Ioannis Vranos said:
Also the lack of a "STL like" library in Ada until now probably sounds
like that Ada lacks much of the high-level abstraction that C++
provides.

It had nothing to do with language features. Except for a few little
things (mostly having to do with syntax), the Ada 2005 standard
container library could have been written in Ada95 or Ada83.
 
I

Ioannis Vranos

Georg said:
You say "of course" now? I don't really understand then
why you asked me why my Ada _array_ code is faster than your
C++ std::_map_ code.


I suppose I did not notice that you were comparing with std::map at that
point. Direct comparison of an Ada fixed size array should be vs vector
or better, valarray.

Actually, there is no negative index in your example.
There are some offset computations, resulting in index
values no less than 0.
By the same argument I could say that a 10-element
C-array can be indexed by the number 100000 by first
decrementing the pointer and then adding 100000 as an
offset. But you do not get the element number 100000,
because there is no such element.


Actually this example produces undefined behaviour, since valid
behaviour is to point/access within the sequence or point (and not
access) one past the end element of the sequence.


But in a case where


vector<int> vec(10);

vector<int>::iterator pi= vec.begin()+4;

// ...

pi[-2]= 4;


it accesses an actual object (there is an actual object) there.

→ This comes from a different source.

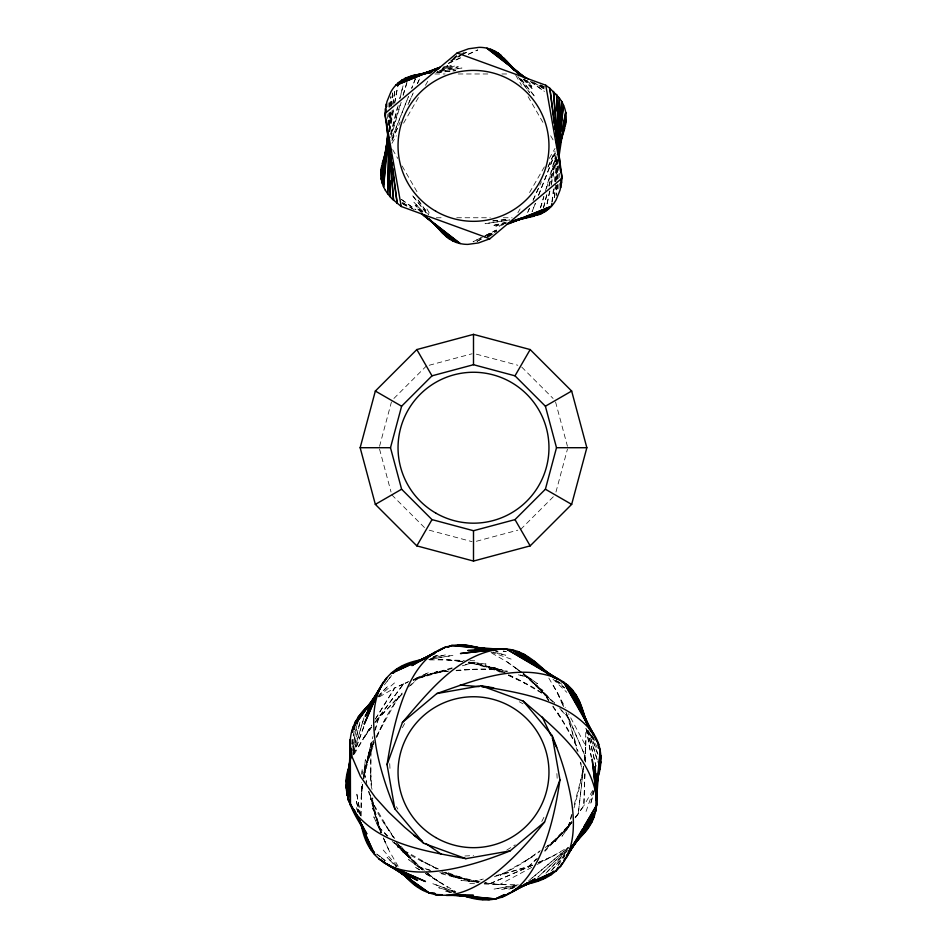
<?xml version="1.0" encoding="UTF-8"?>
<svg xmlns="http://www.w3.org/2000/svg" width="947" height="947" viewBox="0 0 947 947"><rect width="100%" height="100%" fill="white"/><g stroke="black" fill="none" stroke-linecap="round" stroke-linejoin="round"><path stroke-width="0.71" stroke-dasharray="4.74 3.55" d="M371.484 788.259L370.762 781.228L370.916 743.62L372.94 736.529M370.762 781.228L370.916 743.62L363.399 778.268L373.816 740.601L365.341 767.319L373.97 744.105M388.696 124.791L388.862 113.06M388.957 107.2L389.016 102.797M557.984 188.938L558.043 184.535M558.138 178.663L558.328 165.465M361.198 816.018L361.695 782.719M585.293 762.075L585.802 728.397M360.914 807.483L361.695 782.956M361.979 774.291L362.168 768.514L361.979 774.196M389.679 131.68L390.294 112.468M390.495 106.561L390.827 96.215M556.505 185.174L556.173 195.52L556.86 185.245M556.706 179.267L557.321 160.055M575.693 817.308L583.849 805.731L584.997 770.598M585.282 761.814L586.086 736.932M575.445 817.462L583.849 805.731L584.997 770.811M557.191 179.362L557.949 166.127M351.763 744.022L352.035 739.607M554.326 197.461L555.096 187.281M555.534 181.457L557.191 159.629M388.353 125.395L389.383 112.243M389.833 106.395L390.519 97.624M584.488 760.157L585.826 746.07L568.555 713.778M389.418 126.602L390.839 111.924M391.407 106.052L392.697 92.853M554.445 197.414L555.877 182.735M556.019 181.268L557.582 165.133M362.571 785.442L361.174 798.345L362.512 784.258M584.216 760.477L585.826 746.07M388.933 124.874L390.436 111.758M391.111 105.934L392.614 92.818M363.352 777.025L365.376 759.636L363.352 778.28L369.259 750.332L363.885 778.683M583.648 767.401L578.262 813.757L575.066 817.888M352.627 744.224L354.178 731.013M551.947 201.865L553.51 188.654M554.374 181.315L556.978 159.285M362.523 784.732L362.003 788.602L362.808 784.353M584.477 759.695L584.997 755.813L566.484 712.973M389.395 130.65L392.188 110.243M392.993 104.407L394.982 89.835L392.721 104.253M352.166 744.153L353.586 733.913M389.43 125.927L391.632 111.474M552.077 201.936L554.279 187.482M555.155 181.706L557.57 165.796M352.627 750.225L356.924 725.497M389.702 131.834L393.774 108.763M394.792 102.998L397.586 87.136M389.324 130.639L393.431 108.893M394.52 103.093L397.799 85.704M352.71 747.088L356.806 725.438M549.627 191.176L546.715 205.511L549.911 191.081M551.095 184.002L556.351 158.196M551.166 185.316L556.777 159.38M352.817 753.066L360.144 721.555M352.852 751.113L360.073 721.425M398.166 105.626L390.744 135.599L400.522 103.401M399.93 98.488L403.102 85.644L399.705 98.559M543.542 207.511L546.715 194.668M548.834 186.097L556.256 156.125M593.958 790.532L590.502 804.453L594.42 790.26M390.46 134.379L397.48 107.153M543.602 207.488L546.928 194.597M549.142 186.003L556.54 157.356M379.558 446.286L391.431 401.978M367.128 785.868L364.074 772.207L372.727 739.938M375.355 730.125L378.741 717.495L402.357 693.879M555.96 492.026L567.442 449.15M544.643 850.536L568.259 826.92L571.645 814.29M574.273 804.477L582.926 772.207L580.783 762.643M574.06 807.898L579.15 788.65L583.601 766.159L578.262 813.757L575.468 817.107M390.791 137.682L401.149 102.335M403.221 95.268L406.95 82.543M540.465 207.784L543.779 196.467M545.436 190.809L556.209 154.041M353.231 754.12L364.003 717.672L352.911 754.286M403.079 95.031L406.902 82.46M540.524 207.867L543.921 196.704M546.478 188.323L556.256 156.219M374.55 730.859L378.741 717.495M568.259 826.92L572.45 813.556M586.051 811.484L593.142 791.053M353.622 754.723L364.039 726.1M353.645 754.345L364.323 725.177M376.504 737.287C382.955 721.638 391.691 706.249 402.132 693.074M391.869 138.854L408.453 96.523L391.691 138.736M538.547 195.212L555.131 152.881M538.606 195.248L555.309 152.988M373.745 742.448L367.85 755.765L374.183 742.472M376.681 735.783L398.959 696.152L375.119 722.395M391.94 140.57L400.273 121.962M408.003 104.667L412.774 94.037M417.532 83.395L419.912 78.08L417.461 83.514M529.468 208.328L527.088 213.643L529.539 208.222M533.043 200.35L541.376 181.741M547.922 167.11L555.06 151.165M392.094 140.038L398.734 125.229M409.009 102.359L413.235 92.936M533.161 200.137L539.198 186.677M548.266 166.494L554.906 151.698M376.717 737.157L384.944 719.886M541.767 821.534L544.395 816.373M354.344 754.001L371.615 725.082M592.656 790.414L583.849 805.731M402.392 727.687L405.091 722.644M391.951 143.34L396.32 135.776M403.6 123.169L418.894 96.677M425.44 85.325L429.086 79.027M517.914 212.708L520.104 208.92M529.562 192.525L544.856 166.045M549.224 158.48L555.049 148.383M358.357 746.461L371.496 725.319M375.367 719.104L394.698 688.007L408.879 681.461M375.462 718.903L394.698 688.007L407.849 682.041M371.354 727.154L363.151 738.684L371.745 727.024M572.083 822.162L561.985 836.237L571.408 823.227M375.19 722.348L403.552 683.852L407.174 682.361M374.834 722.466L403.552 683.852L407.648 682.349M558.008 865.179L565.075 855.697M368.738 730.67L371.934 726.527M384.387 684.823L391.573 675.554M387.134 681.213L391.596 675.495M558.197 865.333L560.02 863.001M571.739 821.582L554.978 841.705L571.881 822.02L547.946 846.76L564.72 830.519L571.881 822.02M551.095 870.944L567.182 851.673M552.125 869.95L564.59 855.484M564.72 830.519L544.868 851.341M398.758 697.477L402.653 693.251M567.442 850.205L545.33 873.832L567.431 850.797M378.338 696.116L388.294 685.782L379.901 694.056M393.905 398.462L426.339 366.027M520.661 529.409L554.149 495.932M410.572 685.664L418.787 677.448L452.453 668.428M495.944 875.62L528.213 866.967L536.428 858.751M568.614 848.003L537.872 877.218L566.827 850.051M408.477 686.918L418.787 677.448M528.213 866.967L537.482 858.444M378.374 696.885L395.668 681.911M528.58 880.864L568.567 847.293M532.048 877.964L568.366 847.601M494.31 876.78C510.622 871.524 525.336 861.273 539.565 851.708M545.294 847.565L556.777 839.279L547.33 845.801M524.898 861.308L540.24 850.702M452.997 58.477L456.632 56.003M489.149 236.549L495.21 232.429M454.335 57.294L456.738 55.719M379.404 696.862L394.698 688.007M538.097 862.883L552.302 856.419L567.596 847.553M506.752 850.098L515.251 844.807M451.826 59.921L459.378 55.257M460.644 54.488L464.421 52.156M487.622 236.466L496.429 231.044M453.258 58.773L458.241 55.778M487.504 236.703L496.24 231.447M532.676 856.68L500.028 875.348L532.486 865.013M450.985 60.975L461.082 55.34M462.337 54.63L468.658 51.114M477.087 241.319L485.918 236.395M487.184 235.685L496.015 230.76M450.488 61.058L460.787 55.388M462.077 54.677L468.528 51.138M477.193 241.296L482.343 238.466M487.492 235.625L496.512 230.666M531.752 867.393L499.637 884.534L484.106 883.03M537.103 864.504L560.352 852.075M480.745 237.934L473.05 241.805L483.479 236.537M485.858 235.353L496.11 230.18M484.769 235.886L496.429 230.003M448.357 63.449L463.024 56.725M468.363 54.275L477.702 49.99M448.653 63.189L463.201 56.571M468.493 54.157L477.75 49.954M414.419 679.07L428.884 672.512L414.218 679.082M532.38 865.12L489.895 883.705L484.722 883.006M539.021 862.22L552.302 856.419M532.735 865.191L489.895 883.705L485.645 882.9M538.618 862.551L543.448 860.563M413.105 680.337L437.68 671.293L413.2 679.887L446.297 670.429L423.664 676.099L413.2 679.887M503.342 224.664L499.223 226.096L502.028 225.197M423.664 676.099L452.69 667.635M433.56 656.673L439.124 654.933L433.667 656.531M514.825 887.315L507.876 889.493L514.706 887.481M442.912 68.101L451.198 65.627L442.77 67.971M505.473 223.208L495.802 226.096L505.627 223.362M429.192 365.258L472.068 353.776M476.353 541.282L517.808 530.178M462.278 665.8L473.5 662.793L507.166 671.814M439.834 872.613L473.5 881.633L483.325 879.005M441.894 69.238L454.702 66.03L442.131 68.989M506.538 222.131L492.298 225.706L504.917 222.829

I can not understand why in an array with index range [-200, -100] there
is an object in -199 "more" than the example above.


Index types are conceptually different from offsets from
the first element.


In C++, index is always (has the notion of) an offset.

As a clever trick, this is nice though. I like the power
of assembly think.


Yes I think it's cool too. :)


Not to mention that we can treat any part of a built in array or an
object as a sequence of unsigned chars (bytes).
 
J

Jim Rogers

There are C++ libraries that provide such functionality. I suppose one
of them is GMP:

http://www.swox.com/gmp


http://www.swox.com/gmp/manual/Floating-point-Functions.html#Floating-p
oint%20Functions

My reading of the information at that url indicates that GMP allows
the specification of precision, but not the specification of a limited
range of valid values.

The Ada example above specifies a precision of 10 digits and also
specifies a range of valid values from 0.0 through 1.0.

Jim Rogers
 
W

Wes Groleau

if we choose to use a cryptic form of C++, with all the little
shortcuts that make the code less readable, we might achieve
some reduction in the KSLOC, but at what cost in understandability?

And at what cost in development time? If the reader can't
understand the code, chances are the writer doesn't understand it
as well as he thinks he does (or she).

"If it ain't broke, don't fix it."

"With all due respect, sir, if nobody understands it, it's broke."